What was the appeal of staying at one shop?

Part of the incentive to stay at Casey’s Auto Body came from the fact that it was a small shop and he wouldn’t be lost in the crowd. He says in order for a technician to make it through the evolving industry, the technician needs an “it” factor, like his own attention to detail, or even an engineering skill.

Ever since he started in the industry at the age of 16, Wisniewski has dabbled in almost every position and currently remains the head technician and the assistant manager at the shop. He spends 40 hours per week at minimum in the shop and helps work on roughly 50 cars per week, he says.

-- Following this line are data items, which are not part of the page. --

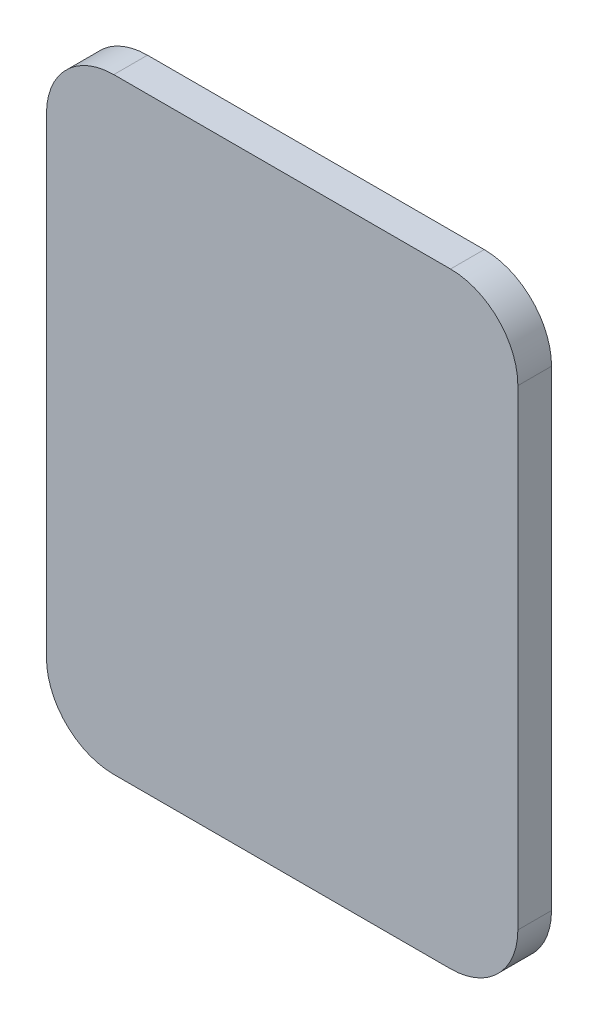
from build123d import *

# Parameters (mm, degrees)
SKETCH1_W           = 70
SKETCH1_H           = 90
BOSS_EXTRUDE1_DEPTH = 5
SKETCH3_W           = 5
SKETCH3_H           = 50
BOSS_EXTRUDE2_DEPTH = 20
SKETCH4_R           = 3
CUT_EXTRUDE1_DEPTH  = 48.5
FILLET1_R           = 3
FILLET2_R           = 10
FILLET3_R           = 10


with BuildPart() as part:
    # Sketch1 → Boss-Extrude1 (new body)
    with BuildSketch(Plane.XY):
        Rectangle(SKETCH1_W, SKETCH1_H)
    extrude(amount=BOSS_EXTRUDE1_DEPTH)

    # Sketch3 → Boss-Extrude2 (add)
    with BuildSketch(Plane(origin=(0, 0, 0), x_dir=(-1, 0, 0), z_dir=(0, 0, -1))):
        with Locations((10, 0)):
            Rectangle(SKETCH3_W, SKETCH3_H)
        with Locations((-10, 0)):
            Rectangle(SKETCH3_W, SKETCH3_H)
    extrude(amount=BOSS_EXTRUDE2_DEPTH)

    # Sketch4 → Cut-Extrude1 (cut, through all)
    with BuildSketch(Plane(origin=(12.5, 0, 0), x_dir=(0, 0, -1), z_dir=(1, 0, 0))):
        with Locations((10, 12.5)):
            Circle(SKETCH4_R)
        with Locations((10, -12.5)):
            Circle(SKETCH4_R)
    extrude(amount=-CUT_EXTRUDE1_DEPTH, mode=Mode.SUBTRACT)

    # Fillet1
    fillet1_edges = [part.edges().sort_by_distance(p)[0] for p in [
        (10, 25, 0),
        (12.5, 0, 0),
        (10, -25, 0),
        (-12.5, 0, 0),
        (-10, 25, 0),
        (-10, -25, 0),
    ]]
    fillet(fillet1_edges, radius=FILLET1_R)

    # Fillet2
    fillet2_edges = [part.edges().sort_by_distance(p)[0] for p in [
        (10, 25, -20),
        (10, -25, -20),
        (-10, 25, -20),
        (-10, -25, -20),
    ]]
    fillet(fillet2_edges, radius=FILLET2_R)

    # Fillet3
    fillet3_edges = [part.edges().sort_by_distance(p)[0] for p in [
        (35, -45, 2.5),
        (-35, -45, 2.5),
        (-35, 45, 2.5),
        (35, 45, 2.5),
    ]]
    fillet(fillet3_edges, radius=FILLET3_R)


solid = part.part

While the shop’s team numbers changed throughout the years, Wisniewski, a 2011 FenderBender Award nominee, says the factor that kept him successful and now working at a shop that is producing close to $1 million per year, has been following a motto of, “treat every car like it is your own.”


Always Progress

Wisniewski’s story is one of working his way up through the ranks. He started as the shop’s floor sweeper, worked his way to painter and eventually took over repairing the vehicles. When he was in high school, he attended a local vocational school for auto body and then came into the shop after school to paint the cars.

He says it was hard to get into the industry.

“I started going through the phone books and calling shops,” Wisniewski says.

Everybody that he called asked if he had his own tools and experience. Without tools, no one wanted to offer Wisniewski a position, he says.

Today, his experience at Casey’s Auto Body has taught him how to work in basically every position in the shop. He conducts repairs after the disassembly process, multitasks and takes over assistant manager duties when needed. He meets with his technician team and the manager each morning for roughly 15 minutes to go over the daily production schedule.  

Gorsuch says while the shop has one painter, one bumper technician and one technician, Wisniewski takes on all the other shop responsibilities.

“He’s managing three individuals in the shop plus taking on his own workload,” Gorsuch says.

If the manager needs to step away from the front office to paint a vehicle, Wisniewski will take over the customer service tasks like answering the phone and greeting new people.

Today, the shop is receives more cars than it can handle and will most likely need to expand in the future, he says.


The “It” Factor

Wisniewski says that his success throughout the years is from maintaining an attention to detail and then applying that to the car.

Gorsuch says Wisniewski’s patience, methodology and attention to detail can also be seen when he made his own kitchen cabinets.

“I have a hawk eye and can pick out things fast when there is a problem,” he says.

In his free time, Wisniewski practices woodcrafting. For example, he made a dresser for his 12-year-old son and created it to look like a toolbox.


Teachable Moments

For 25 years, only Wisniewski and Gorsuch worked at the shop, with Wisniewski repairing vehicles and Gorsuch painting them.

Not only does Wisniewski practice his own skills, he also takes time to mentor other students.

“When a kid comes into the shop from school, it’s a different work speed and different environment,” he says.

Wisniewski will work with the students to work in the fast-paced environment and keep track of their responsibilities.

Gorsuch says Wisniewski will do the harder repair on the vehicle and then hand it off to other people.

“At some points, he will do absolutely anything to get the car out and get paid for the job,” he says.